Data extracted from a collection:
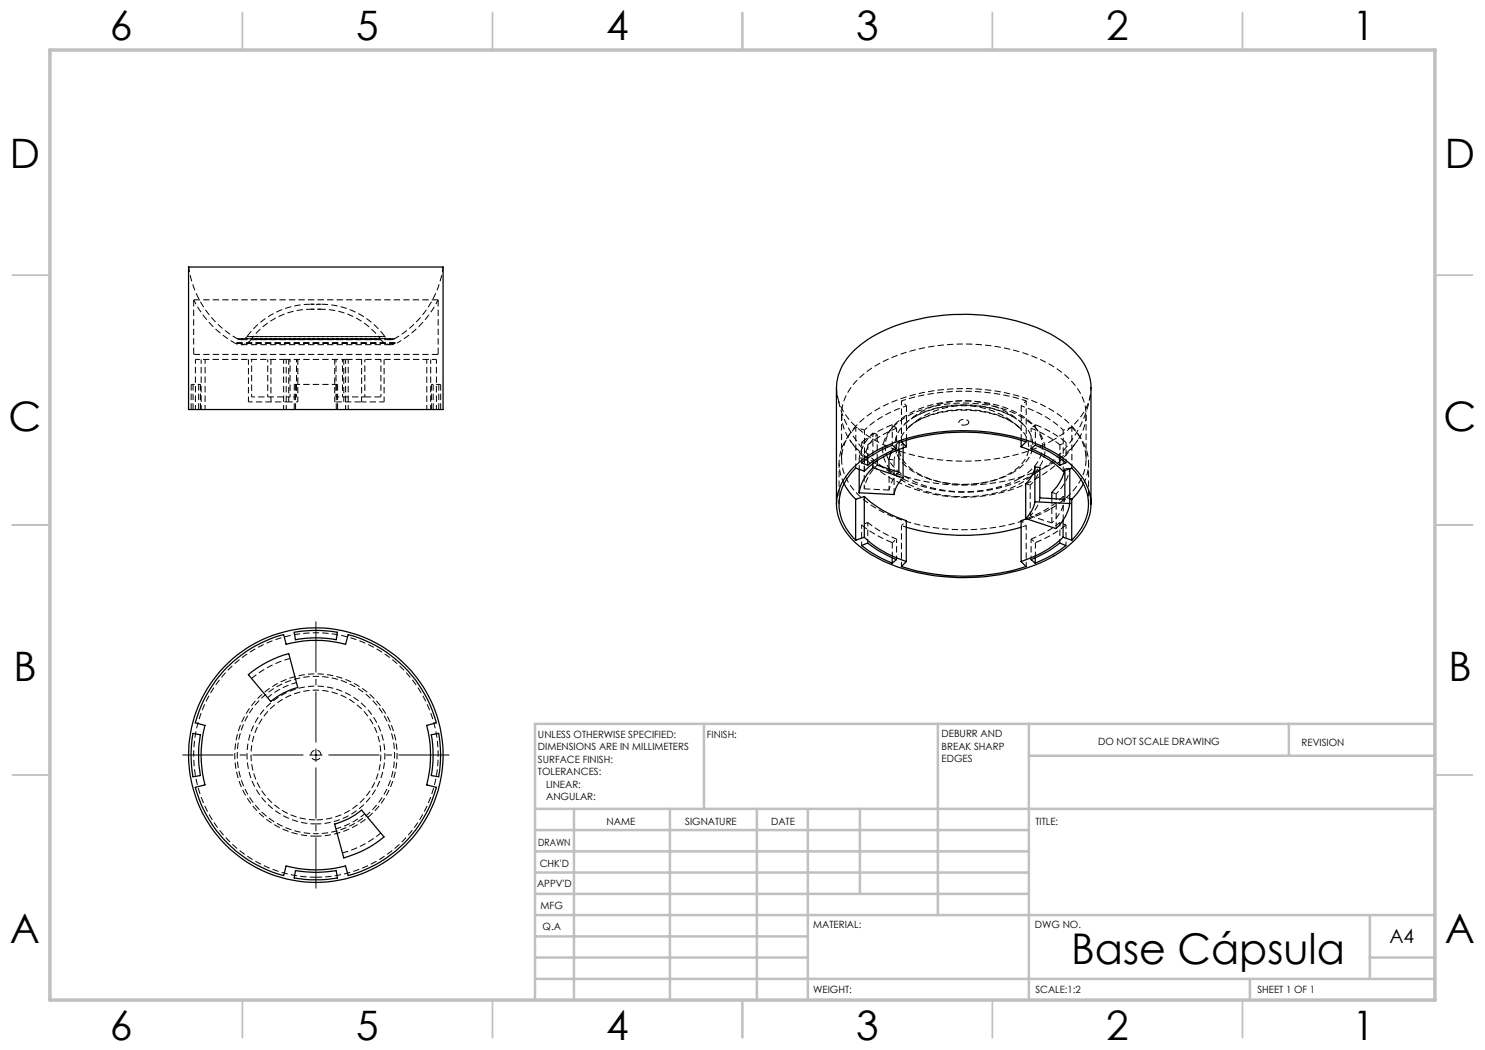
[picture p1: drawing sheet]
<svg xmlns="http://www.w3.org/2000/svg" width="297mm" height="210mm" viewBox="0 0 297 210" stroke-linecap="round" stroke-linejoin="round" font-family="sans-serif">
<g fill="none" stroke="#000" stroke-width=".2" stroke-dasharray="1.3 .6" stroke-dashoffset=".6" stroke-linecap="butt">
<path d="M47 68.6l1.2 .3M50.3 79.4h7.7M59.3 79.4h-1.3M63.2 67.7h15.7h-31.5h15.8M63.2 68.6h16.2h-32.4h16.2M64.2 61.8h-2M67.2 79.4h5.8M78.2 68.9l1.2-.3M167.4 78.9a23.4 23.4 0 0 0 18 18.6 29.1 29.1 0 0 0 21.4-2.7M169.9 87.9a27 27 0 0 0 23.7 11.5 29.1 29.1 0 0 0 13.7-3.7M174.6 86.6a9.1 9.1 0 0 0-2.8 5M178.8 91.9a6.1 6.1 0 0 1 1.8-3.3"/>
<path d="M179.3 85.6l-.8-.7M181.2 84.6a5.3 5.3 0 0 0-.2 8.5 18.4 18.4 0 0 0 13.2 3.7 19.4 19.4 0 0 0 8.3-2.3M202.7 84.6a19.8 19.8 0 0 0-19.9 0M207.1 84.9l-.9 .7M207.3 95.7a24.4 24.4 0 0 0 8.3-7.8M210.8 87.9a13.8 13.8 0 0 0 7.3-8.9l.1-1.5M211.2 98.8a9.1 9.1 0 0 0 2.8-5M178.5 108.5l.8-.7M206.2 107.8l.9 .7"/>
</g>
<path d="M67.5 76.9h-8.6M181.3 81.2v6.8M181.6 85.6a16.7 16.7 0 0 1 11.6-3.6 16.3 16.3 0 0 1 10.7 3.6M204.2 81.2v6.8M206.8 94.8a22.6 22.6 0 0 0 11.3-15.8M178.5 108.5v3M205.3 103.7a20.9 20.9 0 0 0 7.3-4.4M207.1 108.5v3M210.4 104.6v-4.9M50.3 135.7a20 20 0 0 1 7.7-4M63.2 167.2a16.2 16.2 0 0 0 14.2-24 16.2 16.2 0 0 0-28-.8 16.2 16.2 0 0 0 12.9 24.8h.9M76.2 166.6a20 20 0 0 1-7.7 4" fill="none" stroke="#000" stroke-width=".2" stroke-dasharray="1.3 .6" stroke-dashoffset=".1" stroke-linecap="butt"/>
<g fill="none" stroke="#000" stroke-width=".2" stroke-dasharray="1.3 .6" stroke-linecap="butt">
<path d="M87.6 60h-48.9M38.2 76.9v5M38.6 76.9v5M38.6 76.9h-.4M39.7 76.9v5M40.1 76.9v5M56.7 71.9h.5M58.9 76.9v5M59.1 76.9v5M62.1 61.8h.1M67.3 76.9v5M67.5 76.9v5"/>
<path d="M69.1 71.9h.5M76.2 79.4h-3.2M86.3 76.9v5M87.6 70.9h-48.9M87.8 76.9v5M88.1 76.9h-.3M167.3 77.5a11.1 11.1 0 0 0 4.7 8.5 32.4 32.4 0 0 0 18.6 6.2 38 38 0 0 0 20.2-4.3M86.6 81.9v-5M88.1 81.9v-5M168.3 82.9v8.9M172.8 97.8l5 .2M178.8 98.9v-7"/>
<path d="M181.7 85.5l-.1 .1M182 85.2l-.3 .3M193.5 84.9a.48 .48 0 0 0 .2-.6 .48 .48 0 0 0-.5-.4 .94 .94 0 0 0-1.4 .7 1.32 1.32 0 0 0 1.7 .3M203.9 95.7a8.1 8.1 0 0 0 4.6-6.2 7.3 7.3 0 0 0-4-6.3 24.2 24.2 0 0 0-23.5 0 7.5 7.5 0 0 0-4 6.3 7.9 7.9 0 0 0 4.6 6.2 24.6 24.6 0 0 0 22.3 0M203.9 85.6v-.1M204.6 84.8a17.2 17.2 0 0 0-23.6 0M204.6 84.8l-.2-.2M204.6 84.9v-.1M213 93.7l-.1 .4M213 94.1v-.4M217.2 91.8v-8.9M211.2 105.7v-6.9"/>
<path d="M63.2 175.5a24.4 24.4 0 0 0 21.5-36.1 24.4 24.4 0 0 0-41.9-1.9 24.4 24.4 0 0 0 18.1 37.8l2.3 .2"/>
</g>
<g fill="none" stroke="#000" stroke-width=".2" stroke-dasharray="1.3 .6" stroke-dashoffset=".4" stroke-linecap="butt">
<path d="M39.1 71.9h17.6M39.1 71.9v10M40.2 71.9v10M41 71.9v10M47.4 67.7l.8 .2M50.2 67.9a2.5 2.5 0 0 1-2 1M56.7 71.9v10M57.2 71.9v10M62.1 61.8a14.7 14.7 0 0 0-11.9 6.1M63.2 67.9h13h-26h13M69.1 71.9v10M69.1 71.9h-11.9"/>
<path d="M69.6 71.9h17.7M69.6 71.9v10M76.2 67.9a14.7 14.7 0 0 0-12-6.1M78.2 68.9a2.5 2.5 0 0 1-2-1M78.2 67.9l.7-.2M85.4 71.9v10M87.3 71.9v10M57.8 80.4h-8.1M86.1 81.9v-10M167.8 92.6v8.2M171.2 85.4v8.2M172.8 97.8v-6.2"/>
<path d="M172.9 86v8.2M174.6 92.7v-6.1M177.8 98v-4.2M180.3 80.2v8.1M202.5 94.5a6.9 6.9 0 0 0 4.1-5.8 5.8 5.8 0 0 0-2-3.8M205.2 80.2v8.1M212.6 86v8.2M214.4 85.4v8.2M180.3 105.1v8.2M205.2 105.1v8.2M206 103.2v-6.2M217.7 100.8v-8.2"/>
<path d="M63.2 152a1 1 0 0 0 .9-1.4 1 1 0 0 0-1.7-.2 1 1 0 0 0 .6 1.6h.2"/>
</g>
<g fill="none" stroke="#000" stroke-width=".2" stroke-dasharray="1.3 .6" stroke-dashoffset=".2" stroke-linecap="butt">
<path d="M37.7 53.4a19.5 19.5 0 0 0 9.7 14.3M78.9 67.7a19.5 19.5 0 0 0 9.7-14.3M49.7 80.4v-8.5M54.2 80.4v-8.5M57.8 80.4v-8.5M59.6 80.4v-8.5M66.9 80.4v-8.5M68.8 80.4v-8.5M72.3 80.4v-8.5M76.8 80.4v-8.5M168.8 96.7a9.1 9.1 0 0 1 1.8-10.7l.6-.6M173.6 89a22 22 0 0 1 5.7-3.4"/>
<path d="M179.8 88.3l-1.1 1.3-.5 1M206.2 85.6a22 22 0 0 1 5.8 3.4M212.6 99.3v4.7M214.4 85.4a9.3 9.3 0 0 1 2.3 11.3M179.3 107.8a22 22 0 0 1-5.7-3.3M212 104.5a22 22 0 0 1-5.8 3.3M59.3 136.5a15 15 0 0 0-5.8 3M63.2 164.8a13.8 13.8 0 0 0 12.1-20.4 13.8 13.8 0 0 0-23.8-.8 13.8 13.8 0 0 0 10.8 21.2h.9M67.2 165.8a15 15 0 0 0 5.8-3"/>
</g>
<g fill="none" stroke="#000" stroke-width=".2" stroke-dasharray="1.3 .6" stroke-dashoffset=".7" stroke-linecap="butt">
<path d="M40.1 76.9h-1.5M49.4 67.3a1.5 1.5 0 0 1-1.2 .6M50.3 79.4v-7.5M53.5 79.4v-7.5M58 79.4v-7.5M59.3 79.4v-7.5M63.2 67.3h13.8h-27.6h13.8M67.2 79.4v-7.5M68.5 79.4v-7.5M73 79.4v-7.5M76.2 79.4v-7.5M78.2 67.9a1.5 1.5 0 0 1-1.2-.6"/>
<path d="M87.8 76.9h-1.5M172.3 88.5l1.3 .5M172.8 91.6a8.6 8.6 0 0 1 2.6-4.7M172.8 97.8a8.6 8.6 0 0 1 2.6-4.8M181.3 81.2l-1-1M181.6 85.6a5 5 0 0 0 .2 7.8 17.9 17.9 0 0 0 13.7 3.3 17.5 17.5 0 0 0 6.4-2M204.2 96.6a8.5 8.5 0 0 0 4.8-6.2 7.3 7.3 0 0 0-3.8-6.5 24.8 24.8 0 0 0-18.5-2.6 14.6 14.6 0 0 0-9.3 5.7 6.2 6.2 0 0 0 1.8 8.2 21.9 21.9 0 0 0 15.2 4.1 22.7 22.7 0 0 0 9.8-2.7M205.2 80.2l-1 1M212 89l1.2-.5M213 99.8a8.6 8.6 0 0 1-2.6 4.8M214 99.7l-1.4-.4M173.6 104.5l-1.3 .5"/>
<path d="M180.3 105.1l1-1M204.2 104.1l1 1M213.2 105l-1.2-.5M63.2 166.7a15.7 15.7 0 0 0 13.8-23.3 15.7 15.7 0 0 0-27.1-.8 15.7 15.7 0 0 0 12.4 24.1h.9"/>
</g>
<path d="M59.6 80.4h-1.8M171.2 85.4l1.7 .6M212.6 86l1.8-.6" fill="none" stroke="#000" stroke-width=".2" stroke-dasharray="1.3 .6" stroke-dashoffset=".9" stroke-linecap="butt"/>
<g fill="none" stroke="#000" stroke-width=".2" stroke-dasharray="1.3 .6" stroke-dashoffset="-.1" stroke-linecap="butt">
<path d="M38.7 60v10.9M48.2 68.9h30M48.2 67.9h30M62.1 60.8a15.8 15.8 0 0 0-12.7 6.5M77 67.3a15.8 15.8 0 0 0-12.8-6.5M87.6 70.9v-10.9M72.3 80.4h-5.4M175.4 92.1v-5.2M178.5 84.9a23.4 23.4 0 0 0-6.2 3.6M210.1 92.9a13.2 13.2 0 0 0 7-8.8 9.9 9.9 0 0 0-3.7-8.7 29.2 29.2 0 0 0-16.5-6.4 36.9 36.9 0 0 0-21.8 4.2 12.7 12.7 0 0 0-6.7 8.8 10.1 10.1 0 0 0 4 8.7 30.4 30.4 0 0 0 18 6.3 36.6 36.6 0 0 0 19.7-4.1M213.2 88.5a23.4 23.4 0 0 0-6.1-3.6M172.3 105a23.4 23.4 0 0 0 6.2 3.5"/>
<path d="M207.1 108.5a23.4 23.4 0 0 0 6.1-3.5M210.1 101.8a13.2 13.2 0 0 0 7-8.7 9.9 9.9 0 0 0-3.7-8.8 29.2 29.2 0 0 0-16.5-6.4 36.9 36.9 0 0 0-21.8 4.2 12.7 12.7 0 0 0-6.7 8.8 10.1 10.1 0 0 0 4 8.8 30.4 30.4 0 0 0 18 6.2 36.6 36.6 0 0 0 19.7-4.1M63.2 164a13 13 0 0 0 11.4-19.2 13 13 0 0 0-22.4-.8 13 13 0 0 0 10.2 20h.8"/>
</g>
<path d="M38.7 60a20.5 20.5 0 0 0 8.3 8.6M79.4 68.6a20.5 20.5 0 0 0 8.2-8.6M76.8 80.4h-4.5M173.6 89v2.6M180.3 80.2a41.3 41.3 0 0 1 24.9 0M180.9 84.8a17.9 17.9 0 0 1 12.6-3.7 17 17 0 0 1 11.1 3.8M203.9 85.5l-.5-.4M212 89v2.6M206 103.2l4.4 1.4" fill="none" stroke="#000" stroke-width=".2" stroke-dasharray="1.3 .6" stroke-dashoffset=".3" stroke-linecap="butt"/>
<g fill="none" stroke="#000" stroke-width=".2" stroke-dasharray="1.3 .6" stroke-dashoffset=".5" stroke-linecap="butt">
<path d="M62.1 60.8l1.1 .1M63.2 60.9l1-.1M64.2 60.8h-2.1M64.2 61.8h-2.1M171.8 91.6h1M171.8 93.8v-2.2M172.3 88.5v4.1M175.4 86.9l-.8-.3M177.8 91.9h1M178.5 84.9v4.1M179.3 85.6v4.1M179.8 94.4a6.5 6.5 0 0 0-2 3.6"/>
<path d="M180.6 88.6l-.8-.3M180.6 89.6v-1M181.3 81.2a21.5 21.5 0 0 0-8.4 4.8M205.2 96.7l.8 .3M206 97a6.5 6.5 0 0 0 2-3.5M206.2 85.6v4.1M207.1 84.9v4.1M210.4 98.5l.8 .3M212.6 86a21.5 21.5 0 0 0-8.4-4.8M213.2 88.5v4.1M213.9 93.8l-.9-.1M172.3 105v4.1"/>
<path d="M173.6 104.5v4.1M179.3 107.8v4.1M181.3 105.4l-1-.3M205.2 105.1l-1 .3M206 103.2a6.5 6.5 0 0 0 2-3.6M206.2 107.8v4.1M212 104.5v4.1M213.2 105v4.1"/>
</g>
<g fill="none" stroke="#000" stroke-width=".25">
<path d="M37.7 53.4h50.9v28.5h-50.9zM168.8 96.8l1.2 1.9 1.1 1.2M170.3 93.9a26 26 0 0 1 13.7-6.9 40.1 40.1 0 0 1 26.1 3.1 15 15 0 0 1 7.7 8.1 9.9 9.9 0 0 1-3.5 10.4 28.3 28.3 0 0 1-15.6 6.5 38.9 38.9 0 0 1-23.7-3.8 13.8 13.8 0 0 1-7.5-8.9 9.6 9.6 0 0 1 2.8-8.5zM171.1 99.9v8.1M171.8 93.9v4.7M172.3 92.6a25.6 25.6 0 0 1 6.1-3.6l.9 .7a23.3 23.3 0 0 0-5.8 3.4zM172.9 99.3a21.4 21.4 0 0 0 8.4 4.8v8.2M172.9 99.3l-1.8 .6M172.9 99.3v8.1M173.5 91.6v1.5M174.6 93.5a8.9 8.9 0 0 0-2.8 5.1M174.6 93.5l6 2.1"/>
<path d="M174.6 92.7v.8M178.2 90.6a5.9 5.9 0 0 0-.4 3.2M179.8 89.9v4.6l-4.4-1.5v-.9M180.6 95.6a6.1 6.1 0 0 0-1.8 3.3l-7-.3M180.6 89.6v6M181.3 89.4l-1-1a41 41 0 0 1 24.9 0l-1 1M181.3 89.4a22 22 0 0 0-8.4 4.8l-1.8-.6a9.4 9.4 0 0 0-2.3 11.3l1.2 1.9 1.1 1.2M181.3 88v1.4M204.2 89.4a21.3 21.3 0 0 1 8.4 4.8l1.7-.6a9.5 9.5 0 0 1 2.9 10l-.9 1.9-2 2.5M204.2 88v1.4M206.2 89.7l.8-.7a23.9 23.9 0 0 1 6.2 3.6l-1.3 .5a21.7 21.7 0 0 0-5.7-3.4zM207 93.4a6.1 6.1 0 0 1-1.9 3.4v6.9"/>
<path d="M207 93.4l1 .1v6.1l5 .3v-5.8M207 93.4v7M211.9 91.6v1.5M212.9 94.1a9.3 9.3 0 0 1-2.5 4.4v1.2M213.9 93.8l.1 6.9M214 99.7l.3 .2M214.3 99.9v8.1M216.7 96.8l-1.3 1.9-1.1 1.2M167.3 100.8v-23.2a11.1 11.1 0 0 1 4.8-8.6 32.3 32.3 0 0 1 17.6-6 38.2 38.2 0 0 1 21.3 4.3 14.1 14.1 0 0 1 7 8.3l.2 1.4v23.8M172.3 109.1l1.2-.5a23.3 23.3 0 0 0 5.8 3.3l-.9 .7a25.6 25.6 0 0 1-6.1-3.5zM172.9 107.4a22 22 0 0 0 8.4 4.9M172.9 107.4l-1.8 .6"/>
<path d="M178.4 111.5v1.1M181.3 112.3l-1 1a41 41 0 0 0 24.9 0l-1-1M181.3 105.5a42.3 42.3 0 0 0 22.9 0M205.3 103.7l-1.1 .4v8.2M206.2 111.9a21.7 21.7 0 0 0 5.7-3.3l1.3 .5a23.9 23.9 0 0 1-6.2 3.5zM207 100.4a6.1 6.1 0 0 1-1.9 3.3M207 100.4l7 .3M207 111.5v1.1M212.6 107.4a21.3 21.3 0 0 1-8.4 4.9M212.6 107.4l1.7 .6M212.6 104v3.4M214 100.7a8.7 8.7 0 0 1-2.8 5l-6.1-2"/>
<path d="M45.5 133.4a24.6 24.6 0 0 1 11.2-6.5l.5 2a23.2 23.2 0 0 1 11.9 0l.5-2a24.9 24.9 0 0 1 17.7 17.7l-2 .5a23.2 23.2 0 0 1 0 11.9l2 .5a24.9 24.9 0 0 1-17.7 17.6l-.5-1.9a23.2 23.2 0 0 1-11.9 0l-.5 1.9a24.9 24.9 0 0 1-17.6-17.6l1.9-.5a23.2 23.2 0 0 1 0-11.9l-1.9-.5a25.4 25.4 0 0 1 6.4-11.2zM49.7 134.9a21.1 21.1 0 0 1 8-4.2l1.8 6.8a13.8 13.8 0 0 0-5.3 2.8zM58.8 126.5a24.3 24.3 0 0 1 8.7 0l-.3 1.4a21.6 21.6 0 0 0-8.1 0zM38.6 146.7l1.5 .3a23.7 23.7 0 0 0 0 8.1l-1.5 .3a24.5 24.5 0 0 1 0-8.7zM86.3 147l1.4-.3a24.5 24.5 0 0 1 0 8.7l-1.4-.3a23.7 23.7 0 0 0 0-8.1zM59.1 174.1a23.7 23.7 0 0 0 8.1 0l.3 1.5a26.6 26.6 0 0 1-8.7 0zM66.9 164.8a13.8 13.8 0 0 0 5.4-2.8l4.5 5.4a21.3 21.3 0 0 1-8 4.2z"/>
<circle cx="63.2" cy="151" r="25.5"/>
</g>
<path d="M179.8 89.9v-1.6M201.9 94.7a6.4 6.4 0 0 0 3.8-5.7 5.6 5.6 0 0 0-1.8-3.4" fill="none" stroke="#000" stroke-width=".2" stroke-dasharray="1.3 .6" stroke-dashoffset=".8" stroke-linecap="butt"/>
<path d="M202.6 83.4a21.5 21.5 0 0 0-19.8 0M203.9 85.5a16.2 16.2 0 0 0-22.2 0" fill="none" stroke="#000" stroke-width=".2" stroke-dasharray="1.3 .6" stroke-dashoffset="-.2" stroke-linecap="butt"/>
<path d="M60.7 151h-24.2M63.2 148.5v-24.2M63.2 153.5v24.2M65.7 151h24.2" fill="none" stroke="#000" stroke-width=".2" stroke-dasharray="15.2 1.3 1.3 1.3" stroke-dashoffset="5" stroke-linecap="butt"/>
<path d="M61.9 151h2.5M63.2 149.8v2.5" fill="none" stroke="#000" stroke-width=".2"/>
<g fill="none" stroke="#c0c0c0" stroke-width=".35">
<path d="M48.5 2.5v7.5M98.5 2.5v7.5M148.5 2.5v7.5M198.5 2.5v7.5M248.5 2.5v7.5M2.5 55h7.5M287 55h7.5M2.5 105h7.5M287 105h7.5M2.5 155h7.5M287 155h7.5M48.5 200v7.5"/>
<path d="M98.5 200v7.5M148.5 200v7.5M198.5 200v7.5M248.5 200v7.5"/>
</g>
<g fill="none" stroke="#c0c0c0" stroke-width=".5">
<path d="M140.8 144.8v17M187.6 144.8v38.2M205.8 144.8v55.2M205.8 151.2h81.2M257.8 144.8v6.4M287 144.8h-180v55.2M107 161.8h180M107 178.8h98.8M107 174.5h98.8M107 170.3h98.8M107 166h98.8M114.8 161.8v38.2"/>
<path d="M134 161.8v38.2M151.4 161.8v38.2M161.6 161.8v38.2M172 161.8v17M107 195.8h180M107 191.5h54.6M107 187.3h54.6M107 183h180M250 195.8v4.2M274 191.5h13M274 183v12.8"/>
</g>
<path d="M10 10h277v190h-277z" fill="none" stroke="#c0c0c0" stroke-width=".7"/>
<text font-size="8.5" x="214.2" y="192.7">Base Cápsula</text>
<g font-size="8.1">
<text x="22" y="8">6</text>
<text x="71.2" y="8">5</text>
<text x="121.2" y="8">4</text>
<text x="171.2" y="8">3</text>
<text x="221.2" y="8">2</text>
<text x="270.5" y="8">1</text>
<text x="2" y="33.6">D</text>
<text x="289" y="33.6">D</text>
<text x="1.7" y="86.1">C</text>
<text x="288.7" y="86.1">C</text>
<text x="2.7" y="136.1">B</text>
<text x="289.7" y="136.1">B</text>
<text x="2" y="188.6">A</text>
<text x="289" y="188.6">A</text>
<text x="22" y="208">6</text>
<text x="71.2" y="208">5</text>
<text x="121.2" y="208">4</text>
<text x="171.2" y="208">3</text>
<text x="221.2" y="208">2</text>
<text x="270.5" y="208">1</text>
</g>
<text font-size="3.9" x="277.9" y="188.5">A4</text>
<g font-size="2">
<text x="107.6" y="147.6">UNLESS OTHERWISE SPECIFIED:</text>
<text x="141.4" y="147.6">FINISH:</text>
<text x="188.3" y="147.5">DEBURR AND</text>
<text x="188.3" y="150">BREAK SHARP</text>
<text x="219.6" y="149">DO NOT SCALE DRAWING</text>
<text x="260.3" y="149.2">REVISION</text>
<text x="107.6" y="150.1">DIMENSIONS ARE IN MILLIMETERS</text>
<text x="107.6" y="152.6">SURFACE FINISH:</text>
<text x="107.6" y="155.1">TOLERANCES:</text>
<text x="188.3" y="152.5">EDGES</text>
<text x="109.2" y="157.6">LINEAR:</text>
<text x="109.2" y="160.1">ANGULAR:</text>
<text x="121.3" y="165">NAME</text>
<text x="137" y="164.9">SIGNATURE</text>
<text x="154.2" y="164.9">DATE</text>
<text x="207.1" y="164.9">TITLE:</text>
<text x="107.6" y="169.1">DRAWN</text>
<text x="107.9" y="173.3">CHK'D</text>
<text x="107.4" y="177.4">APPV'D</text>
<text x="108.1" y="181.8">MFG</text>
<text x="108.5" y="186">Q.A</text>
<text x="162.6" y="185.5">MATERIAL:</text>
<text x="207" y="185.5">DWG NO.</text>
<text x="162.6" y="198.5">WEIGHT:</text>
<text x="207.1" y="198.6">SCALE:1:2</text>
<text x="251.5" y="198.6">SHEET 1 OF 1</text>
</g>
</svg>

■ What needs to be done ■
Look over the entries above and count the lines where the word "font" appears, then report only that count.

■ Solution to this exercise ■
5